*Exercise inputs*:

● ● ● ● ●

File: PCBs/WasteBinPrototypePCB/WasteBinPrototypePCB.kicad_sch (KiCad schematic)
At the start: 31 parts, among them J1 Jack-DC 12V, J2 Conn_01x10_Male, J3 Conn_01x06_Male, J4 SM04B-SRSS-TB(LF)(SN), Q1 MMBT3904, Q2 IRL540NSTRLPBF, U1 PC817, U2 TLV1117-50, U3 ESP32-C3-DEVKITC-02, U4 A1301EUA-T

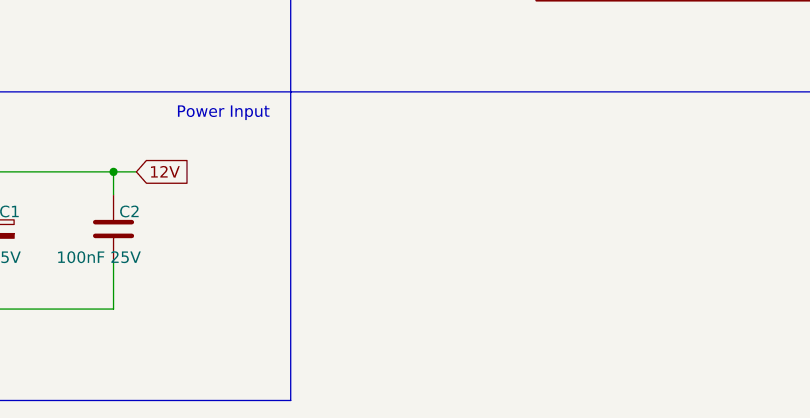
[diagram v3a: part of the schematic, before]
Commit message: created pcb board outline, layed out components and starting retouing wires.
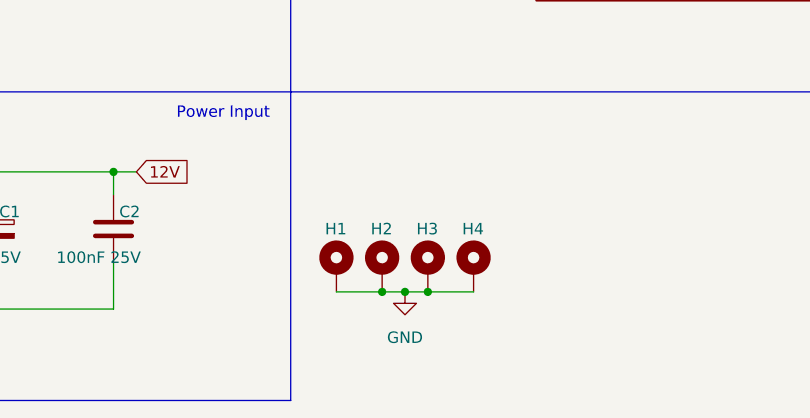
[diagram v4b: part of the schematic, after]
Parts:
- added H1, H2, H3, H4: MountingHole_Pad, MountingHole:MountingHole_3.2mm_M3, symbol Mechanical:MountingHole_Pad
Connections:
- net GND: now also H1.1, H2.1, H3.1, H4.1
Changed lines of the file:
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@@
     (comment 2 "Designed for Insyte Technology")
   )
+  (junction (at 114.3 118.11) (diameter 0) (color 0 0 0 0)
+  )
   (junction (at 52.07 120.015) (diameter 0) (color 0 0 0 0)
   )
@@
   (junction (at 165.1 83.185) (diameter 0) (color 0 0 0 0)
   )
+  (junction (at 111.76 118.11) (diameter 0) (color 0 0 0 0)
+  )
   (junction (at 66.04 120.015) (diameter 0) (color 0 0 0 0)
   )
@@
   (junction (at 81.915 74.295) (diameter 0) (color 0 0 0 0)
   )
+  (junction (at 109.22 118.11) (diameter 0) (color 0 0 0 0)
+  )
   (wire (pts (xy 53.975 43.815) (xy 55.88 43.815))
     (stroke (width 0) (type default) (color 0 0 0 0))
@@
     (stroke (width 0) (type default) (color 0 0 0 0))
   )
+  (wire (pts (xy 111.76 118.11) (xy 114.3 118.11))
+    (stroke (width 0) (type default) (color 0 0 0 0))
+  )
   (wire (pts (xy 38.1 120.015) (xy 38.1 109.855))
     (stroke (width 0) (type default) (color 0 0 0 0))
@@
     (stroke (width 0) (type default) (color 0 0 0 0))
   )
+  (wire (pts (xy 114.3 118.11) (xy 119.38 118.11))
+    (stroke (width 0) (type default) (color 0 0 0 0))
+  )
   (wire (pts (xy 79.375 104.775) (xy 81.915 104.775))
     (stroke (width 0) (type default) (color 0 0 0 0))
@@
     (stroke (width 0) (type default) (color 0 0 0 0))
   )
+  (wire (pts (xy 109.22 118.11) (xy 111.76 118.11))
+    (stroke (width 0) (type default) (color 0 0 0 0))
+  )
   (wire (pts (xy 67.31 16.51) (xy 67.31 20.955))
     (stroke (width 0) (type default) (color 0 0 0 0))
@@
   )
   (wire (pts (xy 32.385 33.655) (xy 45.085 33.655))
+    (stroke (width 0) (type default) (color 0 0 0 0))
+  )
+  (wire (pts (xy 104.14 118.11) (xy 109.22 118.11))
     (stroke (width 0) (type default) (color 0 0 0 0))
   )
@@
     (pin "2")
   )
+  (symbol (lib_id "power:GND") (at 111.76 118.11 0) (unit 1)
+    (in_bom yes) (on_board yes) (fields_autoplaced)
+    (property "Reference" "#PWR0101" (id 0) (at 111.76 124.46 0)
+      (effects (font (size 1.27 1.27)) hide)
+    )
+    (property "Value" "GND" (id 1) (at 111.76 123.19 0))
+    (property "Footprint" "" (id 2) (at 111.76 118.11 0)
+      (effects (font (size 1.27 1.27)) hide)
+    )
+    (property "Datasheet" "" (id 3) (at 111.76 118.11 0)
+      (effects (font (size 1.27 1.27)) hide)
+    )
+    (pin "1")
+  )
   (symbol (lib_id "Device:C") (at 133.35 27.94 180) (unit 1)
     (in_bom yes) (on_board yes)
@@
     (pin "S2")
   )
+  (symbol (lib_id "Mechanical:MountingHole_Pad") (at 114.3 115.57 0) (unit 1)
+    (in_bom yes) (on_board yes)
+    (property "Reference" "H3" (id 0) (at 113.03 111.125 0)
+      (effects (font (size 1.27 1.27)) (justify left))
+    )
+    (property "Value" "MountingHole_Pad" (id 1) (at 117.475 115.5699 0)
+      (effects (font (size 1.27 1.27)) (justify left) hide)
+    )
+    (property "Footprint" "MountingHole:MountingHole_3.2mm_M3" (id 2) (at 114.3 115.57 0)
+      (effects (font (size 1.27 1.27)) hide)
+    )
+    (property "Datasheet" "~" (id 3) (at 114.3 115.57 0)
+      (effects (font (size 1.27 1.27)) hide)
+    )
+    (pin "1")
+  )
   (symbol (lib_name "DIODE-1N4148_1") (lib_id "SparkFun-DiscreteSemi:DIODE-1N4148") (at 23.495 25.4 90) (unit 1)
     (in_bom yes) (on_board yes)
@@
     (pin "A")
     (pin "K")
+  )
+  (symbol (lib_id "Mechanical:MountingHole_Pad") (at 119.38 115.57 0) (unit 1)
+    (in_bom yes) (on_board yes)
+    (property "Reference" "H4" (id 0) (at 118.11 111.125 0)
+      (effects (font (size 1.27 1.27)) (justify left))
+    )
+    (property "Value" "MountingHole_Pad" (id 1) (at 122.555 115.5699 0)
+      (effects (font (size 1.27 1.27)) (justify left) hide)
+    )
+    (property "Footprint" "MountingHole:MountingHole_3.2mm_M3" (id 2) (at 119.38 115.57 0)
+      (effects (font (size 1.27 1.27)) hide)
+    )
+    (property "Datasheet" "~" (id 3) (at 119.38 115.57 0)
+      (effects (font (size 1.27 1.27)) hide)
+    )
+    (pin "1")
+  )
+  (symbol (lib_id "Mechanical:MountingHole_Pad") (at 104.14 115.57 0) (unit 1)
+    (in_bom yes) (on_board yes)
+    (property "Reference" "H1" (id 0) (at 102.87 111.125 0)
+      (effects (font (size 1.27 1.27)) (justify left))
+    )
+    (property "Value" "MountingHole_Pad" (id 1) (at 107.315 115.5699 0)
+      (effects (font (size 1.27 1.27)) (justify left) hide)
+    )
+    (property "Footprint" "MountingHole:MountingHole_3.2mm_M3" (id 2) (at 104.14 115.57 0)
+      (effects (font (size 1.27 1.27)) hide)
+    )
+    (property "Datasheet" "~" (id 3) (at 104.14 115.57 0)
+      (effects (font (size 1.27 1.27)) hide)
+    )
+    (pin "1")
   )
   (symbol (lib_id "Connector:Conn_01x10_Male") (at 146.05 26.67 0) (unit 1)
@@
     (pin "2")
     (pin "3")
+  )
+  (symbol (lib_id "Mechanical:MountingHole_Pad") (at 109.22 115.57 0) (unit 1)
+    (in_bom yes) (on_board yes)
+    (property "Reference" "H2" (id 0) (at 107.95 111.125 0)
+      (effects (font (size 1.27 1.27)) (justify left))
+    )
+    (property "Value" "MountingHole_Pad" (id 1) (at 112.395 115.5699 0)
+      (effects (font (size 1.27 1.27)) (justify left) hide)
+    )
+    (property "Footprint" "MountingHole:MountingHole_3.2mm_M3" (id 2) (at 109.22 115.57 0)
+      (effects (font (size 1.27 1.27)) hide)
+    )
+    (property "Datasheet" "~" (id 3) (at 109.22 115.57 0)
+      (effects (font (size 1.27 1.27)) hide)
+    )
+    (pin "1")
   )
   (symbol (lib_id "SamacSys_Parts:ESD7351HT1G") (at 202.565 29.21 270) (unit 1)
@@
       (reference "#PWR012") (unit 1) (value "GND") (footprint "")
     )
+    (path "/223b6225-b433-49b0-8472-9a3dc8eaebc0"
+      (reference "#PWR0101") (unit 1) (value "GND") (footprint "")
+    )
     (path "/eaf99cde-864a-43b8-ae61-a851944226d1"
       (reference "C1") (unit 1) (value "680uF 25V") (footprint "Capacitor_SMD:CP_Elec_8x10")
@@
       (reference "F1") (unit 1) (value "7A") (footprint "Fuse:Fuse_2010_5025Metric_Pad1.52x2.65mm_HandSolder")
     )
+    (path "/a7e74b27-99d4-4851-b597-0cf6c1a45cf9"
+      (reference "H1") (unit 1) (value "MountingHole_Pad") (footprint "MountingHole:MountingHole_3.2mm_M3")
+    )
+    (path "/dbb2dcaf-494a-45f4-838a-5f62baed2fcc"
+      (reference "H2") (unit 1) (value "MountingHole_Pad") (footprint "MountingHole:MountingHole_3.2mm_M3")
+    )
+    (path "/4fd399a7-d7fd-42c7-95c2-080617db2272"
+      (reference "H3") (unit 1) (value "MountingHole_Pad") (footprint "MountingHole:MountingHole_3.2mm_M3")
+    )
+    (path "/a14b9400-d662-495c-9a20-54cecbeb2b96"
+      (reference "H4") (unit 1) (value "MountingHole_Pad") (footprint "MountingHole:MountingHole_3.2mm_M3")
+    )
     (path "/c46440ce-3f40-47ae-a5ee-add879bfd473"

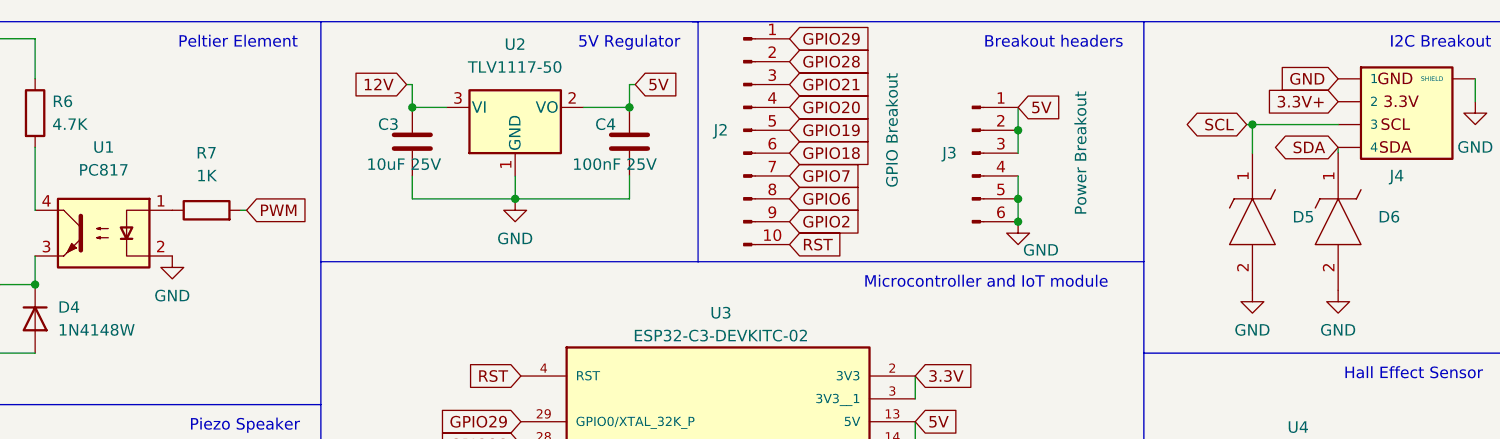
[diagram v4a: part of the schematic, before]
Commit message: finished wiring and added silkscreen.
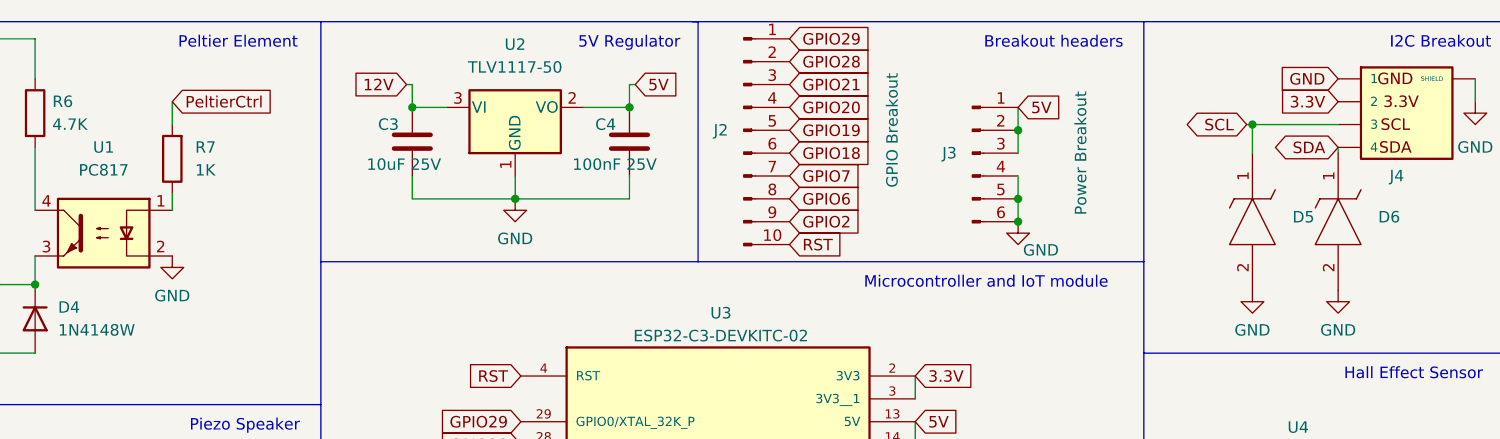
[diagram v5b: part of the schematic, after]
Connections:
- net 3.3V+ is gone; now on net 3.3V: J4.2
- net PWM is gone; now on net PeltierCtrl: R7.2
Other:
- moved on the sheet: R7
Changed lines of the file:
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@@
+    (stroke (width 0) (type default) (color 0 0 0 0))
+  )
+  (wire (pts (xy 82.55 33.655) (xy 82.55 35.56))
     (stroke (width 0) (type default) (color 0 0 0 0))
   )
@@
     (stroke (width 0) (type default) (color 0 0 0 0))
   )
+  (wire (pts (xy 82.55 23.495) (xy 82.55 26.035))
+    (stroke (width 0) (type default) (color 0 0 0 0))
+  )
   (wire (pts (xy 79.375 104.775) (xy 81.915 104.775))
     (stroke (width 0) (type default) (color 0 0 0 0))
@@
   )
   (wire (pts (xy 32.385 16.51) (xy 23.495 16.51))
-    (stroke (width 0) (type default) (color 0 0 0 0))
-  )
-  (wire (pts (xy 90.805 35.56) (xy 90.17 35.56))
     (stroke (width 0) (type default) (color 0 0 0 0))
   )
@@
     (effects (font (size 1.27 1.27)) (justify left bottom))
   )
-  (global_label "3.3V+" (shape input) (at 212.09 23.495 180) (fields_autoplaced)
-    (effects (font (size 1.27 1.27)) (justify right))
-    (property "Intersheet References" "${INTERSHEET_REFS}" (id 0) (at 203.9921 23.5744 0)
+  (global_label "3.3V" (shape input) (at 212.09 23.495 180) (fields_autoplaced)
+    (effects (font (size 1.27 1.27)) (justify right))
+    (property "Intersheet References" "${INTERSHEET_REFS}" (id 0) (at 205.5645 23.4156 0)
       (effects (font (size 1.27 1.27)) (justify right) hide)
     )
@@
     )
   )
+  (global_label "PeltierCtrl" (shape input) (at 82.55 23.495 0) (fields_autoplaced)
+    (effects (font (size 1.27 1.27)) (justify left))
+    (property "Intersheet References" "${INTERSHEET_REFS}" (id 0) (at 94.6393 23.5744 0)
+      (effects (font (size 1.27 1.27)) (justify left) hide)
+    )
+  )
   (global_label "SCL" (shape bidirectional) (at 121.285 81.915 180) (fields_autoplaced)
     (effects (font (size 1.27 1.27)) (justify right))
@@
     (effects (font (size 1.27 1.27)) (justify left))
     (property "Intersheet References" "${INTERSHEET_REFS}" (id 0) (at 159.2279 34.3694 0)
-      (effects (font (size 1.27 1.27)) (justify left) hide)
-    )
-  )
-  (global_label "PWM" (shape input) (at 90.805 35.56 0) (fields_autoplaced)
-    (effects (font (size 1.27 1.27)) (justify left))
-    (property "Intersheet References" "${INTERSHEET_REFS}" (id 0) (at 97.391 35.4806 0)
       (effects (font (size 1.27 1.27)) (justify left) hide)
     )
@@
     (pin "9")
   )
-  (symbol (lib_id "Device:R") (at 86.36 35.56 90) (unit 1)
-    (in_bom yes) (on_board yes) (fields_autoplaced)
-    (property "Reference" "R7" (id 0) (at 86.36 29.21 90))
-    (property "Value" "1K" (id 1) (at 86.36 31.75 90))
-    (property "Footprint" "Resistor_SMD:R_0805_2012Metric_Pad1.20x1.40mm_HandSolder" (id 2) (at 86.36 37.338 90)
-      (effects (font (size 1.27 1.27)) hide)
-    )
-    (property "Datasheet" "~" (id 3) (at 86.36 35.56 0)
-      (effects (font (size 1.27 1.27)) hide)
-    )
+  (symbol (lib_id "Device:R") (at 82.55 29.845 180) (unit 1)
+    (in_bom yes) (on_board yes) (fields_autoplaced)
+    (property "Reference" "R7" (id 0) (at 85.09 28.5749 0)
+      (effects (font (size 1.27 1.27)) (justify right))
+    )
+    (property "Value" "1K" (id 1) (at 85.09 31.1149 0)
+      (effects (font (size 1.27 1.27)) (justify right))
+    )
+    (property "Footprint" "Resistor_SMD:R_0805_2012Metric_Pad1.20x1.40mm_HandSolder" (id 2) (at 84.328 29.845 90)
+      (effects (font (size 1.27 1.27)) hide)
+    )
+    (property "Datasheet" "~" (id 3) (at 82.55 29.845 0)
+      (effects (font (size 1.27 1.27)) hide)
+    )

● ● ● ● ●

*Task to complete*:
Read the data above and pull out each line that holds the string "path".

*Answer box*:
+    (path "/223b6225-b433-49b0-8472-9a3dc8eaebc0"
     (path "/eaf99cde-864a-43b8-ae61-a851944226d1"
+    (path "/a7e74b27-99d4-4851-b597-0cf6c1a45cf9"
+    (path "/dbb2dcaf-494a-45f4-838a-5f62baed2fcc"
+    (path "/4fd399a7-d7fd-42c7-95c2-080617db2272"
+    (path "/a14b9400-d662-495c-9a20-54cecbeb2b96"
     (path "/c46440ce-3f40-47ae-a5ee-add879bfd473"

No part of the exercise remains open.